Pre-warm mash tun a bit (it was 6 degrees outside, as I started at 05:30)
Add Grain
Add 15 litres of water at 76C to hit step temperature of 67C
Stir vigourously
Wait 15 minutes
 Stir Vigourously
(repeat 3 times)
Draw off wort
Add 21 litres of water at 76C
stir vigorously
Draw off 2nd-runnings

I estimate I had about 27 litres in the kettle

Boil vigorously for 1 hour (add hops etc.)

So ... I boiled too vigorously again ... ended up with 18 litres in the fermenter.

But since I boiled off so much I actually hit the desired specific gravity - 1.052 (that's 0.002 over).

So even with the efficiency bar set so low, I still only achieved about 78% of that... what does that make the final efficiency ... about 50% right? *sigh*

Attached is some photos of my esky-tun, obviously it has a lid too.

I tasted some grain after sparging, it was still very sweet.

Maybe I should double-sparge or something ?

Any ideas?

thanks,
-kt


----------



## vortex (23/9/13)

What's your crush size/mill gap? How long are you taking for your sparge? Sparging too fast will leave sugar behind


----------



## MikeHell (23/9/13)

Have you rated the extract/yeild percentage of the grain accurately in your recipe software/calculator?

Personally I do equal mash and sparge water (generally 3L water to 1kg grain), so for you would be 18L mash & 18L sparge, might be worth a go.


----------



## manticle (23/9/13)

Before you start looking at ways to improve, find out which part of the process needs improvement. Are you not achieving proper conversion?

Measure first runnings gravity and get a sense then if that's where the problem is, look at strike temps, grain crush, measuring equipment, mash pH etc.
Are you not extracting enough sugar from your sparge? Look at manifold design and placement, sparge temperatures, sparging technique etc.
Find out where and what the problem is before throwing every tool at it trying to fix it.

In my experience you shouldn't need to stir that much to fix efficiency issues. You'll just lose temperature.
Meanwhile set your efficiency to where it actually is, rather than where you want it to be and adjust recipe accordingly till you work it out (obviously set it where you want it when running your tests to see where and how far off you are).


----------



## Thefatdoghead (23/9/13)

Is your thermometer correct or have you checked with a glass type thermometer? Also is the wheat malted or raw or what? As Manticle said, check your PH as this may be out as well.


----------



## verysupple (23/9/13)

What others have said is of course correct, I just want to add my experience.

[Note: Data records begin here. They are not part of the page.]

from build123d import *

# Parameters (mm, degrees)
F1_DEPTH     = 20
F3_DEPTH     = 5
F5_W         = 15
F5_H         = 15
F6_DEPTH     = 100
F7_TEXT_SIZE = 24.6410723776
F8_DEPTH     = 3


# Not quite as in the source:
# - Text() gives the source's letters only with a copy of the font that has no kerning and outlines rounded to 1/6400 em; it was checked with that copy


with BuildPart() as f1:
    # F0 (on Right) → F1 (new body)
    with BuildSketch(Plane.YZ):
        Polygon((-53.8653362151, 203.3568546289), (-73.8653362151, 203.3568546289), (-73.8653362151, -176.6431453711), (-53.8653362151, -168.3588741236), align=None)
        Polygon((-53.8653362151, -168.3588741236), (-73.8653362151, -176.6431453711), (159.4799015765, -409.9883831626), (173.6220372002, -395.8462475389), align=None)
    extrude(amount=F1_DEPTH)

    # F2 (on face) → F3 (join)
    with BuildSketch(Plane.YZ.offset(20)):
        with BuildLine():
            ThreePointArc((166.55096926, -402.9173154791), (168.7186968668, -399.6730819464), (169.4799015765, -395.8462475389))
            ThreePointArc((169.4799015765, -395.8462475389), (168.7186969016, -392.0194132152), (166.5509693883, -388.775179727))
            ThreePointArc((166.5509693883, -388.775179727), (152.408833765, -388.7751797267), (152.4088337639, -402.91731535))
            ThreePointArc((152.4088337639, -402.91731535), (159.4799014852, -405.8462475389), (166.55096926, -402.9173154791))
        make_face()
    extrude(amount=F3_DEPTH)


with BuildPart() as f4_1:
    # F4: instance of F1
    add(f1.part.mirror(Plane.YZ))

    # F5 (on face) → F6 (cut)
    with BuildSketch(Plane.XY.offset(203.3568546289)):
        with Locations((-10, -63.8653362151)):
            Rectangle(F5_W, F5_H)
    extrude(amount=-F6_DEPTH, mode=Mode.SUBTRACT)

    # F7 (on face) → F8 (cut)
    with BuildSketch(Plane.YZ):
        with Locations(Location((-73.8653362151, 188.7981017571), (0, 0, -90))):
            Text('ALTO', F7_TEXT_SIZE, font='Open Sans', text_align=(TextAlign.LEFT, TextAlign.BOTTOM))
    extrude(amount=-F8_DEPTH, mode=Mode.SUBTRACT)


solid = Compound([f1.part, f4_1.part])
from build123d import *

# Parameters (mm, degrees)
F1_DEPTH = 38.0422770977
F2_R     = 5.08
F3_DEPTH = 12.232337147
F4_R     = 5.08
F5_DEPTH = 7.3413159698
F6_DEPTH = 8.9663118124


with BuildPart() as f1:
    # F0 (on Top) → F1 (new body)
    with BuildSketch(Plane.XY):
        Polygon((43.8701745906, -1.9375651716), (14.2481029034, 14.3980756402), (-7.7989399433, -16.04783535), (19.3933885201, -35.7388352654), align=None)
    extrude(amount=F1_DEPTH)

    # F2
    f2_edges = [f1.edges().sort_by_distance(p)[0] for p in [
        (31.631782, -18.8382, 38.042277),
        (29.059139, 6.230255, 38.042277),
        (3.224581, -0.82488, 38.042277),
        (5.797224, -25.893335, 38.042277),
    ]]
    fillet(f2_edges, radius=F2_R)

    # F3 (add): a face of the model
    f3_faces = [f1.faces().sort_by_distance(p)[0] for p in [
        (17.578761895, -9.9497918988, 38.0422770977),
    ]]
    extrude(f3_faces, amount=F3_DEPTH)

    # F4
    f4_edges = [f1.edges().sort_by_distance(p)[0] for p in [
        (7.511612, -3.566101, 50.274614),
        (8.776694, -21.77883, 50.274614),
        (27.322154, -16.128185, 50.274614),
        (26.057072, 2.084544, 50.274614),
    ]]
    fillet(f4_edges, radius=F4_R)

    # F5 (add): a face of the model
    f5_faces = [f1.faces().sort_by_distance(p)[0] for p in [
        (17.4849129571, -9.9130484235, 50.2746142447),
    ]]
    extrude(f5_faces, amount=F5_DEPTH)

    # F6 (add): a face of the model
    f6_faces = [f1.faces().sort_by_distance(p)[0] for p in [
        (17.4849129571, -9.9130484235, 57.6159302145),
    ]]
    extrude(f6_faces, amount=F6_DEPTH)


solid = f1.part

I've only done 14 brews with grain (partials and AG) and when I started I would get ~65% eff. into the kettle and it slowly rose to ~75% as I improved. Then I did a couple of batches with large portions of wheat malt (>50%) and my efficiency took a big hit and dropped to ~50%. I looked at things like pH and water chem, but couldn't adjust the crush as many said to do with wheat becuase I buy my grain already crushed from the HBS.

To make a long story short, I figured out I wasn't getting very good conversion with the wheat and I just needed to mash longer. When I went from 60 min to 90 min mashes my wheats got up to my normal efficiency. This might work for you, but as Manticle said, you should figure out where your problem is, i.e. conversion, lautering etc.

Since then I've increased my usual efficiency into the kettle to 80 - 85% by doing a mash out. The higher temp (lower viscosity) lets me get a lot more liquid (and therefore sugars) out of the grain (I do maxiBIAB).

So now I'm happy with both my conversion eff. and my "lautering" eff.

EDIT clarification


----------



## MikeHell (23/9/13)

Similar experience as above, with addition of only 12% wheat malt, brought usual 75-80% efficiency down to 65% using the same routine as usual.


----------



## pyrosx (23/9/13)

Temperature - you've listed a whole bunch of steps, and only mentioned temperature twice - 76C for water out of a HLT.

If the thermometer in your HLT is even a couple of degree's off, and you're not measuring anywhere else.... then everything beyond that is going to be out of whack.


----------



## mr_wibble (23/9/13)

vortex said:


> What's your crush size/mill gap? How long are you taking for your sparge? Sparging too fast will leave sugar behind



Grain crush size is whatever the LHBS sets it to.

I guess my sparge takes about 15 minutes to run off, but I haven't timed it.


----------



## mr_wibble (23/9/13)

Thanks for all the info ... I'll have to cogitate on all the ideas and suggestions a bit.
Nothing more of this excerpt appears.